Зеленые мухи отвратительно роились над вспухшими конскими трупами, когда Сосновский, сорвав с гимнастерки все, обозначавшее его принадлежность к Красной Армии и Советскому государству, в том числе и значок ГСО, поднял руки и вышел навстречу немецким мотоциклистам, мчавшимся по пыльной проселочной дороге. Но вышел он с поднятыми руками не для того, чтобы влачить жалкую участь военнопленного.
Сосновский понял, что пришел час, которого он всегда подсознательно ждал, и теперь все, чего он раньше стыдился, что подавлял в себе и скрывал от окружающих, в новой жизни станет не пороком, а достоинством, получит государственную санкцию и принесет ему не только возможность беспрепятственно удовлетворять самые потаенные инстинкты, но и обеспечит видное положение в системе, где право сильного признано наконец естественным правом. И он не ошибся, а был понят и замечен и вскоре оказался на службе в полиции.

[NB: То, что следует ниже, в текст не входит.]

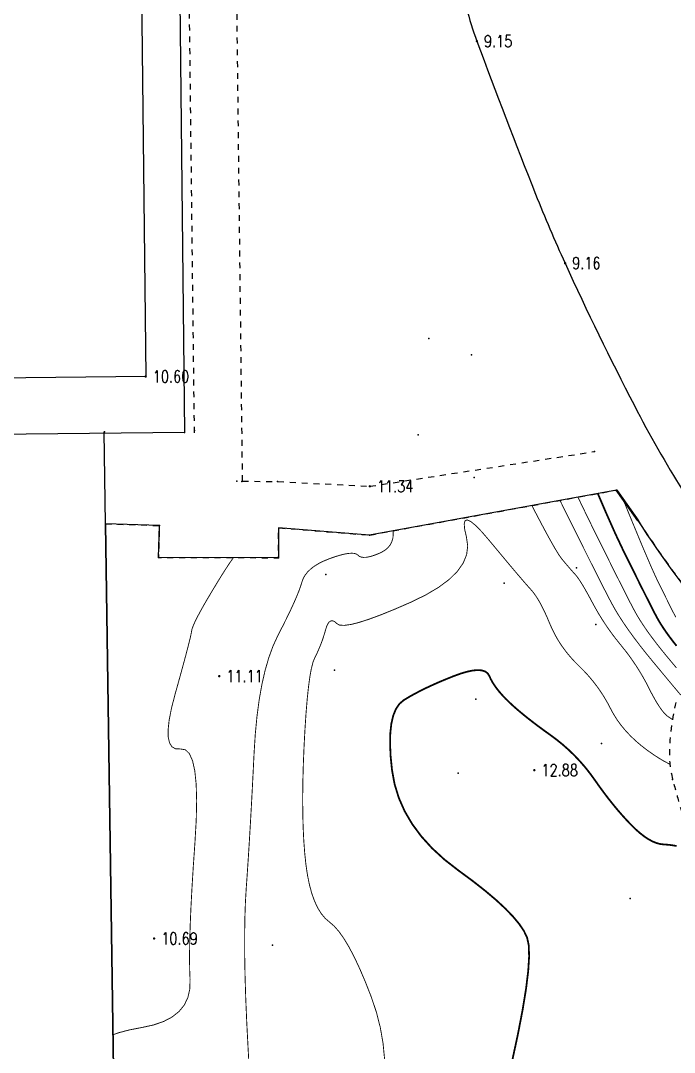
# Model space of a CAD drawing. Extents: x 940 to 2162, y 608 to 1562.
# Drawn here: x 1168.8 to 1224.1, y 1002.3 to 1089.5 of the extents above; entities that cross this region are included whole.
import ezdxf
from ezdxf.enums import TextEntityAlignment as Align

# ---------------------------------------------------------------- set-up
doc = ezdxf.new("R2010")
doc.units = 0
doc.header["$LTSCALE"] = 0.5
doc.header["$PDSIZE"] = 0.2
doc.linetypes.add('X6', pattern=[2, 1, -1])
doc.layers.get('0').update_dxf_attribs({"linetype": 'CONTINUOUS'})
for name, color, linetype in [('DGX', 2, 'CONTINUOUS'), ('DLDW', 11, 'CONTINUOUS'), ('DLSS', 4, 'CONTINUOUS'), ('GCD', 1, 'CONTINUOUS'), ('JMD', 6, 'CONTINUOUS'), ('SXSS', 5, 'CONTINUOUS'), ('ZBTZ', 3, 'CONTINUOUS'), ('ZDH', 1, 'CONTINUOUS')]:
    doc.layers.add(name, color=color, linetype=linetype)
doc.styles.add('HZ', font='rs.shx', dxfattribs={"width": 0.8, "bigfont": 'hztxt.shx'})
doc.linetypes.add('1161', pattern='A,0,[149,AAA.SHX,S=0.15,R=0,X=0,Y=0],-1.6', length=1.6)
doc.linetypes.add('447', pattern='A,8,-1,[148,AAA.SHX,S=1,R=0,X=0,Y=0],-1', length=10)

# ---------------------------------------------------------------- blocks, each defined once
blk = doc.blocks.new('GC200')
at = {"linetype": 'Continuous', "const_width": 0.2, "flags": 128}
blk.add_lwpolyline([(-0.1, 0, 1), (0.1, 0, 1)], format="xyb", close=True, dxfattribs=at)

msp = doc.modelspace()

# ---------------------------------------------------------------- linework, layer by layer
at = {"layer": 'DGX', "linetype": 'Continuous', "const_width": 0.075}
for points, elevation in [([(1214.383, 1048.96), (1214.763, 1048.192), (1215.581, 1046.542), (1216.315, 1045.067), (1216.965, 1043.766), (1217.532, 1042.64), (1218.015, 1041.688), (1218.414, 1040.91), (1218.729, 1040.307), (1219.023, 1039.779), (1219.357, 1039.225), (1219.731, 1038.647), (1220.145, 1038.043), (1220.6, 1037.414), (1221.095, 1036.759), (1221.63, 1036.08), (1222.206, 1035.375), (1222.765, 1034.701), (1223.254, 1034.114), (1223.671, 1033.613), (1224.016, 1033.2), (1224.29, 1032.873), (1224.492, 1032.634), (1224.594, 1032.515)], 11), ([(1215.904, 1049.236), (1215.997, 1049.035), (1216.774, 1047.422), (1217.489, 1045.976), (1218.137, 1044.668), (1218.719, 1043.498), (1219.235, 1042.467), (1219.684, 1041.574), (1220.067, 1040.819), (1220.383, 1040.203), (1220.634, 1039.725), (1220.866, 1039.306), (1221.131, 1038.867), (1221.428, 1038.408), (1221.756, 1037.929), (1222.117, 1037.431), (1222.509, 1036.912), (1222.933, 1036.373), (1223.39, 1035.814), (1223.836, 1035.277), (1224.232, 1034.804)], 10.5), ([(1219.723, 1049.038), (1220.316, 1047.582), (1221.347, 1045.093), (1222.109, 1043.31), (1222.601, 1042.233), (1222.942, 1041.543), (1223.251, 1040.919), (1223.529, 1040.361), (1223.775, 1039.868), (1223.989, 1039.442), (1224.172, 1039.082)], 9.5), ([(1223.893, 1030.451), (1223.781, 1030.516), (1223.64, 1030.607), (1223.489, 1030.713), (1223.328, 1030.849), (1223.156, 1031.032), (1222.973, 1031.262), (1222.779, 1031.538), (1222.575, 1031.86), (1222.36, 1032.229), (1222.133, 1032.645), (1221.897, 1033.107), (1221.648, 1033.589), (1221.385, 1034.061), (1221.11, 1034.526), (1220.822, 1034.982), (1220.52, 1035.43), (1220.205, 1035.87), (1219.877, 1036.301), (1219.536, 1036.724), (1219.195, 1037.147), (1218.865, 1037.576), (1218.547, 1038.013), (1218.241, 1038.457), (1217.947, 1038.907), (1217.665, 1039.365), (1217.394, 1039.831), (1217.136, 1040.303), (1216.893, 1040.756), (1216.667, 1041.165), (1216.46, 1041.529), (1216.27, 1041.848), (1216.099, 1042.122), (1215.945, 1042.352), (1215.809, 1042.537), (1215.692, 1042.677), (1215.578, 1042.801), (1215.455, 1042.938), (1215.323, 1043.089), (1215.182, 1043.252), (1215.031, 1043.428), (1214.87, 1043.618), (1214.7, 1043.82), (1214.521, 1044.035), (1214.289, 1044.362), (1213.961, 1044.899), (1213.537, 1045.645), (1213.017, 1046.602), (1212.401, 1047.768), (1212.008, 1048.527)], 11.5), ([(1200.274, 1046.391), (1200.292, 1046.176), (1200.263, 1045.809), (1200.172, 1045.478), (1200.02, 1045.185), (1199.807, 1044.929), (1199.532, 1044.71), (1199.195, 1044.528), (1198.844, 1044.381), (1198.526, 1044.27), (1198.241, 1044.193), (1197.989, 1044.15), (1197.77, 1044.142), (1197.584, 1044.169), (1197.432, 1044.23), (1197.312, 1044.326), (1197.184, 1044.421), (1197.006, 1044.478), (1196.779, 1044.498), (1196.502, 1044.48), (1196.175, 1044.425), (1195.799, 1044.332), (1195.373, 1044.202), (1194.897, 1044.035), (1194.423, 1043.841), (1194, 1043.632), (1193.63, 1043.407), (1193.312, 1043.166), (1193.047, 1042.91), (1192.833, 1042.639), (1192.672, 1042.352), (1192.563, 1042.049), (1192.458, 1041.707), (1192.311, 1041.302), (1192.122, 1040.833), (1191.89, 1040.302), (1191.615, 1039.707), (1191.298, 1039.049), (1190.939, 1038.328), (1190.537, 1037.544), (1190.135, 1036.674), (1189.776, 1035.697), (1189.46, 1034.612), (1189.187, 1033.419), (1188.956, 1032.119), (1188.769, 1030.711), (1188.624, 1029.195), (1188.522, 1027.572), (1188.441, 1025.927), (1188.36, 1024.345), (1188.278, 1022.827), (1188.195, 1021.372), (1188.113, 1019.982), (1188.029, 1018.654), (1187.945, 1017.391), (1187.861, 1016.191), (1187.789, 1014.96), (1187.743, 1013.603), (1187.723, 1012.119), (1187.728, 1010.51), (1187.76, 1008.774), (1187.817, 1006.912), (1187.9, 1004.924), (1188.009, 1002.81), (1188.122, 1000.769)], 11.5)]:
    msp.add_lwpolyline(points, dxfattribs=dict(at, elevation=elevation))
at = {"layer": 'DGX', "color": 3, "linetype": 'Continuous', "const_width": 0.15, "elevation": 10}
msp.add_lwpolyline([(1217.58, 1049.542), (1218.255, 1047.967), (1219.053, 1046.172), (1219.687, 1044.828), (1220.215, 1043.759), (1220.694, 1042.793), (1221.124, 1041.929), (1221.505, 1041.168), (1221.837, 1040.508), (1222.12, 1039.951), (1222.353, 1039.495), (1222.538, 1039.142), (1222.71, 1038.833), (1222.906, 1038.509), (1223.125, 1038.17), (1223.367, 1037.816), (1223.634, 1037.448), (1223.923, 1037.065), (1224.237, 1036.667)], dxfattribs=at)
at = {"layer": 'DGX', "linetype": 'Continuous', "const_width": 0.075, "elevation": 12, "flags": 128}
msp.add_lwpolyline([(1223.678, 1026.664), (1223.259, 1026.877), (1222.805, 1027.141), (1222.317, 1027.456), (1221.797, 1027.821), (1221.277, 1028.218), (1220.794, 1028.629), (1220.347, 1029.054), (1219.935, 1029.492), (1219.56, 1029.944), (1219.22, 1030.41), (1218.917, 1030.89), (1218.649, 1031.383), (1218.389, 1031.877), (1218.108, 1032.357), (1217.807, 1032.825), (1217.485, 1033.28), (1217.142, 1033.721), (1216.779, 1034.15), (1216.395, 1034.565), (1215.99, 1034.967), (1215.588, 1035.37), (1215.212, 1035.787), (1214.863, 1036.218), (1214.539, 1036.662), (1214.241, 1037.121), (1213.97, 1037.593), (1213.725, 1038.079), (1213.505, 1038.579), (1213.3, 1039.068), (1213.096, 1039.519), (1212.894, 1039.933), (1212.693, 1040.309), (1212.495, 1040.649), (1212.297, 1040.951), (1212.102, 1041.216), (1211.908, 1041.444), (1211.684, 1041.692), (1211.398, 1042.017), (1211.051, 1042.419), (1210.642, 1042.899), (1210.172, 1043.456), (1209.641, 1044.09), (1209.048, 1044.801), (1208.393, 1045.59), (1207.764, 1046.318), (1207.246, 1046.847), (1206.839, 1047.178), (1206.544, 1047.311), (1206.36, 1047.245), (1206.288, 1046.981), (1206.327, 1046.518), (1206.478, 1045.857), (1206.584, 1045.105), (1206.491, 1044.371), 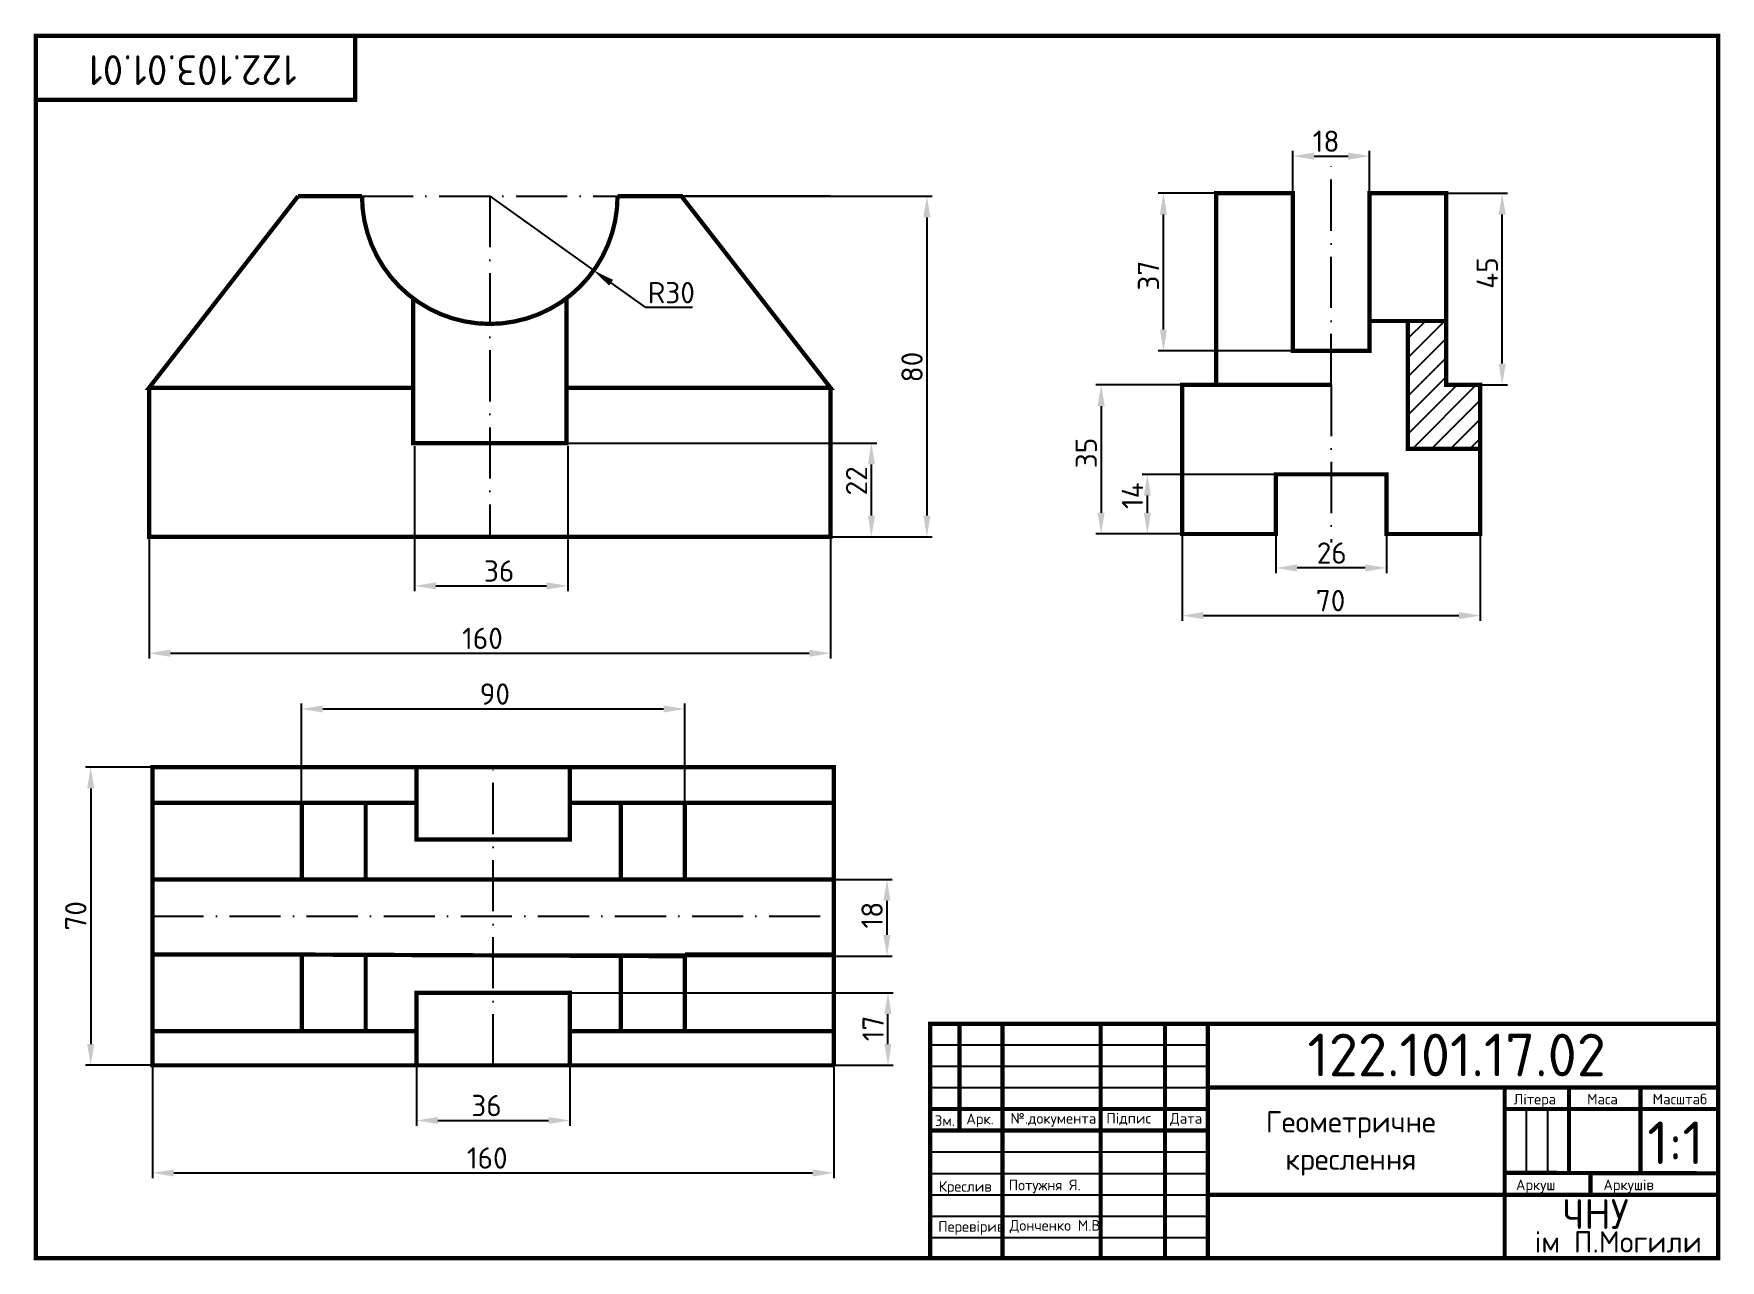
# Model space of a CAD drawing. Header units: millimetres. Extents: x 20 to 416, y 4 to 292.
import ezdxf
from ezdxf.enums import TextEntityAlignment as Align

# ---------------------------------------------------------------- set-up
doc = ezdxf.new("R2010")
doc.units = ezdxf.units.MM
doc.header["$PDMODE"] = 34
doc.header["$PDSIZE"] = -3
doc.linetypes.add('ACAD_ISO10W100', pattern=[18, 12, -3, 0, -3])
for name, color, linetype in [('Dim', 5, 'Continuous'), ('Kontur', 7, 'Continuous'), ('Osy', 1, 'ACAD_ISO10W100')]:
    doc.layers.add(name, color=color, linetype=linetype)
doc.styles.get("Standard").update_dxf_attribs({"font": 'isocpeur.ttf'})
doc.dimstyles.new('ESKD', dxfattribs={"dimtxt": 5, "dimasz": 5, "dimexe": 1.25, "dimexo": 0, "dimgap": 1, "dimtad": 1, "dimtoh": 1, "dimdec": 1, "dimtxsty": 'Standard', "dimcen": 2.5, "dimclrd": 256, "dimclre": 256, "dimclrt": 256, "dimadec": 0, "dimazin": 0, "dimtfac": 1, "dimtdec": 1, "dimtmove": 0, "dimatfit": 3, "dimfxl": 1, "dimarcsym": 0})
doc.dimstyles.new('ESKD_', dxfattribs={"dimtxt": 5, "dimasz": 5, "dimexe": 1.25, "dimexo": 0, "dimgap": 1, "dimtad": 1, "dimtoh": 1, "dimdec": 1, "dimtxsty": 'Standard', "dimcen": 2.5, "dimclrd": 256, "dimclre": 256, "dimclrt": 256, "dimadec": 0, "dimazin": 0, "dimtfac": 1, "dimtdec": 1, "dimtmove": 0, "dimatfit": 3, "dimfxl": 1, "dimtfillclr": 256, "dimlwd": -1, "dimlwe": -1, "dimarcsym": 0})

# ---------------------------------------------------------------- blocks, each defined once
blk = doc.blocks.new('*D2')
at = {"layer": 'Defpoints', "color": 0, "transparency": 16777216}
for p in [(46.58, 174.36), (206.58, 174.36), (206.58, 147.03)]:
    blk.add_point(p, dxfattribs=at)
at = {"layer": 'Dim', "lineweight": -2, "transparency": 16777216}
for p, q in [((46.58, 174.36), (46.58, 145.78)), ((206.58, 174.36), (206.58, 145.78)), ((51.58, 147.03), (201.58, 147.03))]:
    blk.add_line(p, q, dxfattribs=at)
at = {"layer": 'Dim', "transparency": 16777216}
for points in [[(51.58, 147.87), (51.58, 146.2), (46.58, 147.03)], [(201.58, 147.87), (201.58, 146.2), (206.58, 147.03)]]:
    blk.add_solid(points, dxfattribs=at)
at = {"layer": 'Dim', "transparency": 16777216, "insert": (124.87, 150.53), "char_height": 5, "attachment_point": 5}
blk.add_mtext('160', dxfattribs=at)
blk = doc.blocks.new('*D3')
at = {"layer": 'Defpoints', "color": 0, "transparency": 16777216}
for p in [(108.93, 195.68), (144.93, 195.68), (144.93, 162.85)]:
    blk.add_point(p, dxfattribs=at)
at = {"layer": 'Dim', "lineweight": -2, "transparency": 16777216}
for p, q in [((108.93, 195.68), (108.93, 161.6)), ((144.93, 195.68), (144.93, 161.6)), ((113.93, 162.85), (139.93, 162.85))]:
    blk.add_line(p, q, dxfattribs=at)
at = {"layer": 'Dim', "transparency": 16777216}
for points in [[(113.93, 163.68), (113.93, 162.01), (108.93, 162.85)], [(139.93, 163.68), (139.93, 162.01), (144.93, 162.85)]]:
    blk.add_solid(points, dxfattribs=at)
at = {"layer": 'Dim', "transparency": 16777216, "insert": (128.78, 166.35), "char_height": 5, "attachment_point": 5}
blk.add_mtext('36', dxfattribs=at)
blk = doc.blocks.new('*D4')
at = {"layer": 'Defpoints', "color": 0, "transparency": 16777216}
for p in [(144.58, 196.36), (216.19, 196.36), (144.58, 174.36)]:
    blk.add_point(p, dxfattribs=at)
at = {"layer": 'Dim', "lineweight": -2, "transparency": 16777216}
for p, q in [((144.58, 196.36), (217.44, 196.36)), ((216.19, 179.36), (216.19, 191.36)), ((144.58, 174.36), (217.44, 174.36))]:
    blk.add_line(p, q, dxfattribs=at)
at = {"layer": 'Dim', "transparency": 16777216}
for points in [[(215.36, 191.36), (217.03, 191.36), (216.19, 196.36)], [(215.36, 179.36), (217.03, 179.36), (216.19, 174.36)]]:
    blk.add_solid(points, dxfattribs=at)
at = {"layer": 'Dim', "transparency": 16777216, "insert": (212.69, 187.51), "char_height": 5, "attachment_point": 5, "rotation": 90}
blk.add_mtext('22', dxfattribs=at)
blk = doc.blocks.new('*D6')
at = {"layer": 'Defpoints', "color": 0, "transparency": 16777216}
for p in [(280.98, 189.04), (311.14, 189.04), (311.14, 175.04)]:
    blk.add_point(p, dxfattribs=at)
at = {"layer": 'Dim', "lineweight": -2, "transparency": 16777216}
for p, q in [((311.14, 189.04), (279.73, 189.04)), ((280.98, 180.04), (280.98, 184.04)), ((311.14, 175.04), (279.73, 175.04))]:
    blk.add_line(p, q, dxfattribs=at)
at = {"layer": 'Dim', "transparency": 16777216}
for points in [[(280.15, 184.04), (281.82, 184.04), (280.98, 189.04)], [(280.15, 180.04), (281.82, 180.04), (280.98, 175.04)]]:
    blk.add_solid(points, dxfattribs=at)
at = {"layer": 'Dim', "transparency": 16777216, "insert": (277.48, 184.04), "char_height": 5, "attachment_point": 5, "rotation": 90}
blk.add_mtext('14', dxfattribs=at)
blk = doc.blocks.new('*D7')
at = {"layer": 'Defpoints', "color": 0, "transparency": 16777216}
for p in [(289.14, 175.04), (359.14, 175.04), (359.14, 155.88)]:
    blk.add_point(p, dxfattribs=at)
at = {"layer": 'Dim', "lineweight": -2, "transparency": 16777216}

Вот такой человек сидел напротив Шумова за старым канцелярским столом, сидел и ждал от него страха, потому что страх попавших в его руки людей был для Сосновского высшей наградой и наслаждением, и он делал все, чтобы вызывать в людях страх и ужас, совершенно независимо от того, считал он их в действительности виновными с точки зрения «нового порядка» или нет.
Разбиравшийся в людях Шумов понял почти все в сложившейся ситуации, но ничем порадовать Сосновского он не мог.
— Я объясню вам, как оказался в коляске бургомистра, — сказал он спокойно. — Это чистая случайность. Женщина, которая работает в приемной, может подтвердить…
— Значит, и она в вашей шайке?
Это был нехитрый полицейский прием. Впрочем, Сосновскому ничего не стоило снести голову и секретарше.
— Не знаю, в шайке она или нет, но я ее увидел сегодня первый раз в жизни.
— Это мы выясним.
«Выяснить» значило для Сосновского повергнуть человека в такое состояние, когда один готов признать и подписать все, что угодно, лишь бы спасти жизнь, а другой сделать то же самое, чтобы поскорее умереть. Однако он уже чувствовал, что Шумов не принадлежит ни к тем, ни к другим.
— Кто еще в вашей банде?
— С момента приезда я виделся только со старым приятелем, который во время нэпа вышел из партии в знак протеста против политики большевиков.
— Вышел? А раньше состоял? Как и ты?
— Да, я тоже был в партии.
— Ага! Сознался. Так бы и давно.
— Я был исключен из ВКП(б) и арестован.
— Липа!
Шумов пожал плечами.
— Кто тебя заслал в город?
— Я прибыл из лагеря военнопленных.
— И конечно же, добровольно сдался в плен?
— Нет, попал в окружение.
— Так кто ты такой?
— Обыкновенный инженер, уроженец этого города, давно разорвавший с большевизмом.
— Идейный борец?
— Скорее меня можно назвать внутренним эмигрантом.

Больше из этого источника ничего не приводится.